Publié le 2 Janvier 2015

« Ne vous inquiétez pas de quoi vous vous vêtirez » (Mt 6,25 ; Lc 12,22). Ces paroles de l’évangile me reviennent presque automatiquement à la pensée, c’est une habitude que je me suis imposée, lorsque je vois un col romain trop raide. Je ne veux pas m’arrêter à ces détails. Pourtant, récemment, je n’ai pas pu retenir mon esprit de folâtrer sur ce sujet en voyant un appel aux dons, qui émanait de la Fondation Nationale pour le clergé. Cet organisme de l’Église catholique en France sollicitait la générosité des fidèles en faveur des prêtres, religieux et religieuses âgés.


Ce qui a alerté mon attention, c’était l’illustration de cet appel aux dons : une photo très engageante, présentant le Père Henri, 86 ans, large sourire, crâne nettement dégarni, fines lunettes, mais pas de col romain. Sa tenue vestimentaire était révélatrice de sa pastorale : une chemise bleu-clair, au col largement ouvert, sur une veste gris-clair. Seul signe distinctif : une petite croix discrète sur le revers de la veste (www.fondationduclerge.com). Il en va tout autrement des quêtes pour les œuvres de vocations et les séminaires, qui affichent le plus souvent des photos de jeunes clercs, plutôt sérieux, voire austères, avec des cols romains rigides. En terme de marketing, on se demandera lequel de ces deux genres d’illustrations atteint le plus efficacement la générosité des fidèles ? En tout cas, cela illustre nettement deux compréhensions différentes du ministère pastoral, à l’image des styles des papes au tournant du millénaire. Il y eut successivement, entre 1939 et 1963, les papes Pie XII et Jean XXIII, l’un austère et l’autre débonnaire, ensuite, à partir de 2005, Benoît XVI et François.


À présent, comment se situe l’Église catholique en France ? Dans les années 1980 les tendances dans l’épiscopat et dans le nouveau clergé préféraient le col rigide. Or, s’adressant aux séminaristes français réunis à Lourdes début novembre, le préfet de la Congrégation romaine pour le clergé, le cardinal Stella, souhaitait que chacun puisse dire : « Je veux être un prêtre dans le style du pape François, par la proximité, l’affection pour les personnes ». Ce cardinal est proche du pape actuel, dont il donne en exemple « la grande humanité » (La Croix 7 novembre).
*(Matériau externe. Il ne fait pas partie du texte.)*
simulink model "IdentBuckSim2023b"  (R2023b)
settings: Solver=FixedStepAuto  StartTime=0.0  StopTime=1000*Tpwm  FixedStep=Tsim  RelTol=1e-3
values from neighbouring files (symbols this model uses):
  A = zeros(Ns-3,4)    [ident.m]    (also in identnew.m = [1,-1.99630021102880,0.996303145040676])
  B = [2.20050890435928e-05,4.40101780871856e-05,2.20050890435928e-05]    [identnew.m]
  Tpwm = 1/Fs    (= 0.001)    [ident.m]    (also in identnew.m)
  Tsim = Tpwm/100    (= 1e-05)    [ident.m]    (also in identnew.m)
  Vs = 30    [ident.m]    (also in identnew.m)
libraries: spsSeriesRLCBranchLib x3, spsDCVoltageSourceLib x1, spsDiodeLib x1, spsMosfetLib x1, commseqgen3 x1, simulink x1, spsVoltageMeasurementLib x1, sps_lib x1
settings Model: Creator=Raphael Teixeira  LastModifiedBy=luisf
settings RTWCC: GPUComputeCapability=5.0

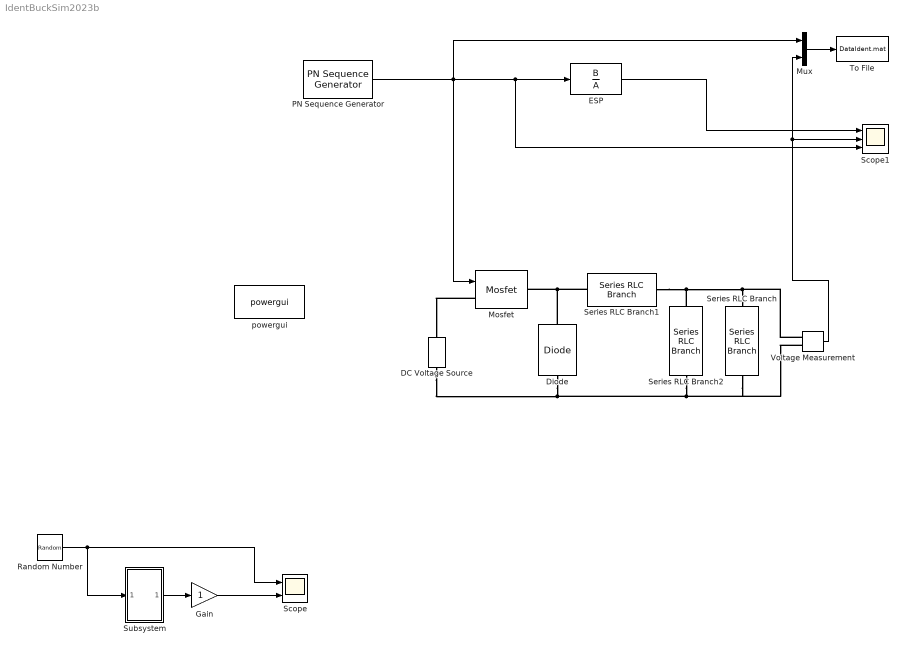
== system IdentBuckSim2023b ==
  DC Voltage Source : spsDCVoltageSourceLib/DC Voltage Source  Amplitude=Vs  Measurements=None
  Diode : spsDiodeLib/Diode  Ron=0.001  Lon=0  Vf=0.02  IC=0  UseSnubber=0  Rs=500  Cs=250e-9  Measurements=off
  ESP : DiscreteTransferFcn  Numerator=B  Denominator=A
  Gain : Gain  OutDataTypeStr=double
  Mosfet : spsMosfetLib/Mosfet  Ron=0.01  Lon=0  Rd=0.01  Vfd=0  IC=0  Rs=1e5  Cs=inf  Measurements=off
  Mux : Mux  Inputs=2
  PN Sequence Generator : commseqgen3/PN Sequence Generator  poly=[15 14 0]  ini_sta=ones(1, 15)  outBitMaskSource=Dialog parameter  shift=0  outVarSiz=off  maxOutSizeMode=Dialog parameter  maxOutSize=[10 1]  Ts=Tsim  sampPerFrame=1  reset=off  bitPackedOutputs=off  outDataType=double  numPackedBits=8  bitPackDataSigned=off  bitPackedOutDType=double
  Random Number : RandomNumber  Mean=15  Variance=5  SampleTime=Tpwm
  Scope : Scope  NumInputPorts=2
  Scope1 : Scope  NumInputPorts=3
  Series RLC Branch : spsSeriesRLCBranchLib/Series RLC Branch  LConnTagsString=__new0  RConnTagsString=__new0  BranchType=R  Resistance=1  Inductance=1e-3  SetiL0=off  InitialCurrent=0  Capacitance=1e-6  Setx0=off  InitialVoltage=0  Measurements=None
  Series RLC Branch1 : spsSeriesRLCBranchLib/Series RLC Branch  LConnTagsString=__new0  RConnTagsString=__new0  BranchType=L  Resistance=1  Inductance=0.0126  SetiL0=off  InitialCurrent=0  Capacitance=1e-6  Setx0=off  InitialVoltage=0  Measurements=None
  Series RLC Branch2 : spsSeriesRLCBranchLib/Series RLC Branch  LConnTagsString=__new0  RConnTagsString=__new0  BranchType=C  Resistance=1  Inductance=1e-3  SetiL0=off  InitialCurrent=0  Capacitance=0.0027  Setx0=off  InitialVoltage=0  Measurements=None
  Subsystem : Subsystem
  To File : ToFile  Filename=DataIdent.mat  MatrixName=DadosBuck
  Voltage Measurement : spsVoltageMeasurementLib/Voltage Measurement  PhasorSimulation=off  OutputType=Complex  PSBequivalent=0
  powergui : sps_lib/powergui  Priority=1  SimulationMode=Continuous  SampleTime=50e-6  frequency=60  Iterations=50  frequencyindice=0  Pbase=100e6  ErrMax=1e-4  UnitsV=kV  UnitsW=MW  buscounter=0  FunctionMessages=off  echomessages=off  EnableUseOfTLC=off  CurrentSourceSwitches=off  DisableSnubberDevices=off  DisableRonSwitches=off  DisableVfSwitches=off  DisplayEquations=off  AutomaticDiscreteSolvers=off  SolverType=Tustin/Backward Euler (TBE)  Interpol=off  ExternalGateDelay=off  methode=off  Ts=100  x0status=blocks  SPID=on  SwTol=0  HookPort=off  NonlinearTolerance=1e-4  nMaxIteration=100  ContinueOnMaxIteration=off  RestoreLinks=warning  ResistiveCurrentMeasurement=off  Frange=[0:2:500]  Ylog=off  Xlog=on  ShowGrid=off  save=off  variable=ZData  structure=0  ZoomFFT=off  StartTime=0.0  cycles=1  DisplayStyle=1  fundamental=60  FreqAxis=off  MaxFrequency=1000  frequencyindicesteady=1  RmsSteady=1  display=off
  wires:
  Random Number/1 -> Scope/1, Subsystem/1(In1)
  Voltage Measurement/1 -> Mux/2, Scope1/2
  Mux/1 -> To File/1
  Subsystem/1(Out1) -> Gain/1
  Gain/1 -> Scope/2
  ESP/1 -> Scope1/1
  PN Sequence Generator/1 -> Mosfet/1, Mux/1, Scope1/3, ESP/1
  connections:
  Series RLC Branch2/LConn1 -- Series RLC Branch/LConn1 -- Voltage Measurement/LConn1 -- Series RLC Branch1/RConn1
  Diode/LConn1 -- DC Voltage Source/LConn1 -- Series RLC Branch/RConn1 -- Voltage Measurement/LConn2 -- Series RLC Branch2/RConn1
  Diode/RConn1 -- Mosfet/RConn1 -- Series RLC Branch1/LConn1
  Mosfet/LConn1 -- DC Voltage Source/RConn1

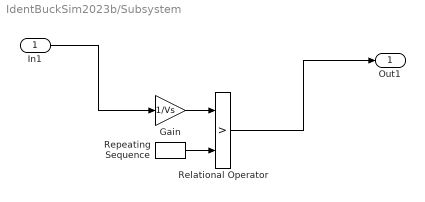
== system IdentBuckSim2023b/Subsystem ==
  In1 : Inport
  Gain : Gain  Gain=1/Vs
  Relational Operator : RelationalOperator  Operator=>  OutDataTypeStr=boolean  RndMeth=Simplest  InputSameDT=off
  Repeating Sequence : simulink/Sources/Repeating Sequence  rep_seq_t=[0 Tpwm]  rep_seq_y=[0 1]
  Out1 : Outport
  wires:
  Relational Operator/1 -> Out1/1
  Repeating Sequence/1 -> Relational Operator/2
  Gain/1 -> Relational Operator/1
  In1/1 -> Gain/1

De fait, cette qualité pastorale primordiale se manifeste dans toutes les initiatives du pape, et tout particulièrement dans la convocation et la conduite du Synode sur la famille. En effet, il vient d’assigner à la deuxième session de ce synode cette mission : « placer l'Église aux côtés des familles en situations extrêmes ».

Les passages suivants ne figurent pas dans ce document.